Composition of uranium oxide particles related to TOF-SIMS ion distributions

Uranium oxide particles tens of micrometers in size, including natural and depleted UO₂, U₃O₈, and UO₃ were analyzed using an IONTOF V time-of-flight secondary ion mass spectrometry (TOF-SIMS) V. Particulate samples were mounted on gold substrates made using a novel technique that reduced hydrocarbon contamination and volatile outgassing as well as provided an internal standard of Au_x ion peaks to calibrate high masses.
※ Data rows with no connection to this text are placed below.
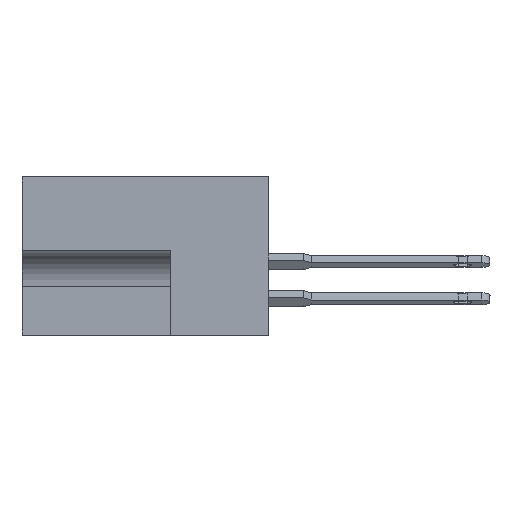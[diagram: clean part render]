
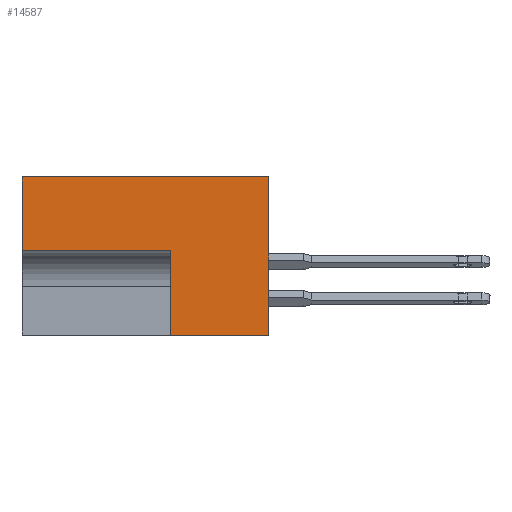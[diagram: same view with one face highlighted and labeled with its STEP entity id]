
A CAD part, left-side view. The second image highlights one B-rep face of the part: STEP entity #14587.
In plain terms, the highlighted planar face has unit normal (-1, 0, 0).
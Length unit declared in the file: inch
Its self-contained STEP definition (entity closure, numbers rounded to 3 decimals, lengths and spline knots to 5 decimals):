
#262 = CARTESIAN_POINT ( 'NONE',  ( 0., 0.453, 0. ) ) ;
#548 = EDGE_LOOP ( 'NONE', ( #12174, #19501, #15611, #26850, #18209, #7905 ) ) ;
#1671 = CARTESIAN_POINT ( 'NONE',  ( 0., 0.828, 0. ) ) ;
#1999 = EDGE_CURVE ( 'NONE', #11501, #20206, #25586, .T. ) ;
#2727 = CARTESIAN_POINT ( 'NONE',  ( 0., 0.828, 0. ) ) ;
#4155 = VECTOR ( 'NONE', #17995, 39.37008 ) ;
#4746 = AXIS2_PLACEMENT_3D ( 'NONE', #9373, #19842, #15746 ) ;
#4842 = EDGE_CURVE ( 'NONE', #5052, #10053, #17658, .T. ) ;
#5052 = VERTEX_POINT ( 'NONE', #21670 ) ;
#5358 = VECTOR ( 'NONE', #15424, 39.37008 ) ;
#5695 = EDGE_CURVE ( 'NONE', #18173, #22526, #9497, .T. ) ;
#5794 = DIRECTION ( 'NONE',  ( 0., 0., 1. ) ) ;
#6242 = VECTOR ( 'NONE', #7589, 39.37008 ) ;
#6324 = VECTOR ( 'NONE', #5794, 39.37008 ) ;
#6464 = DIRECTION ( 'NONE',  ( 0., -1., 0. ) ) ;
#7589 = DIRECTION ( 'NONE',  ( 0., 0., 1. ) ) ;
#7894 = CARTESIAN_POINT ( 'NONE',  ( 0., 0., -0.531 ) ) ;
#7905 = ORIENTED_EDGE ( 'NONE', *, *, #26578, .F. ) ;
#9373 = CARTESIAN_POINT ( 'NONE',  ( 0., 0.453, 0. ) ) ;
#9497 = LINE ( 'NONE', #13425, #6242 ) ;
#9748 = FACE_OUTER_BOUND ( 'NONE', #548, .T. ) ;
#10053 = VERTEX_POINT ( 'NONE', #15781 ) ;
#10671 = CARTESIAN_POINT ( 'NONE',  ( 0., 0.328, -0.531 ) ) ;
#11501 = VERTEX_POINT ( 'NONE', #26956 ) ;
#12174 = ORIENTED_EDGE ( 'NONE', *, *, #1999, .F. ) ;
#12629 = LINE ( 'NONE', #18179, #4155 ) ;
#13425 = CARTESIAN_POINT ( 'NONE',  ( 0., 0., 0. ) ) ;
#13646 = PLANE ( 'NONE',  #4746 ) ;
#14587 = ADVANCED_FACE ( 'NONE', ( #9748 ), #13646, .F. ) ;
#14939 = DIRECTION ( 'NONE',  ( 0., 0., 1. ) ) ;
#15424 = DIRECTION ( 'NONE',  ( 0., 1., 0. ) ) ;
#15611 = ORIENTED_EDGE ( 'NONE', *, *, #4842, .F. ) ;
#15746 = DIRECTION ( 'NONE',  ( 0., 0., -1. ) ) ;
#15781 = CARTESIAN_POINT ( 'NONE',  ( 0., 0.328, -0.248 ) ) ;
#17232 = CARTESIAN_POINT ( 'NONE',  ( 0., 0.328, -0.248 ) ) ;
#17455 = VECTOR ( 'NONE', #6464, 39.37008 ) ;
#17658 = LINE ( 'NONE', #10671, #25211 ) ;
#17995 = DIRECTION ( 'NONE',  ( 0., -1., 0. ) ) ;
#18126 = LINE ( 'NONE', #262, #17455 ) ;
#18173 = VERTEX_POINT ( 'NONE', #7894 ) ;
#18179 = CARTESIAN_POINT ( 'NONE',  ( 0., 0.453, -0.531 ) ) ;
#18209 = ORIENTED_EDGE ( 'NONE', *, *, #5695, .T. ) ;
#19501 = ORIENTED_EDGE ( 'NONE', *, *, #21930, .F. ) ;
#19777 = CARTESIAN_POINT ( 'NONE',  ( 0., 0., 0. ) ) ;
#19842 = DIRECTION ( 'NONE',  ( 1., 0., 0. ) ) ;
#20206 = VERTEX_POINT ( 'NONE', #2727 ) ;
#21670 = CARTESIAN_POINT ( 'NONE',  ( 0., 0.328, -0.531 ) ) ;
#21930 = EDGE_CURVE ( 'NONE', #10053, #11501, #25898, .T. ) ;
#22526 = VERTEX_POINT ( 'NONE', #19777 ) ;
#25211 = VECTOR ( 'NONE', #14939, 39.37008 ) ;
#25586 = LINE ( 'NONE', #1671, #6324 ) ;
#25710 = EDGE_CURVE ( 'NONE', #5052, #18173, #12629, .T. ) ;
#25898 = LINE ( 'NONE', #17232, #5358 ) ;
#26578 = EDGE_CURVE ( 'NONE', #20206, #22526, #18126, .T. ) ;
#26850 = ORIENTED_EDGE ( 'NONE', *, *, #25710, .T. ) ;
#26956 = CARTESIAN_POINT ( 'NONE',  ( 0., 0.828, -0.248 ) ) ;

For UO₂ surfaces, the dominant U ₃O_x and U₄O_y cations were U ₃O₆⁺ and U₄O₈ ⁺, whereas for both U₃O₈ and UO₃ surfaces, they were U₃O₇⁺ and U ₄O₉⁺. Secondary ion abundance ratios contained additional information about the chemical composition of the sample related to the relative stability of the cluster ions. Relative stabilities of the most stable cation isomers corresponding to masses observed in SIMS spectra were calculated using high-level density functional theory in order to compare ion stabilities to TOF-SIMS intensity distributions. Cation isomers having high oxygen content were doublets, and those having low oxygen content were quartet spin states. Depth profile trends for 'protonation' ratio and 'lattice valence', as defined by Plog, Wiedmann, and Benninghoven, were used to distinguish U ₃O₈ from UO₃. Cations containing a greater number of uranium atoms were also found to have a lower protonation ratio. UO₂ and U₃O₈ surfaces show a steeper reduction in protonation ratio compared to UO₃ surfaces which exhibit a nearly constant near-surface protonation ratio followed by a more gradual smaller decline with depth. We interpret secondary ion distribution results using density functional quantum mechanics calculations comparing the relative stability of cations and anions for different oxygen atom environments.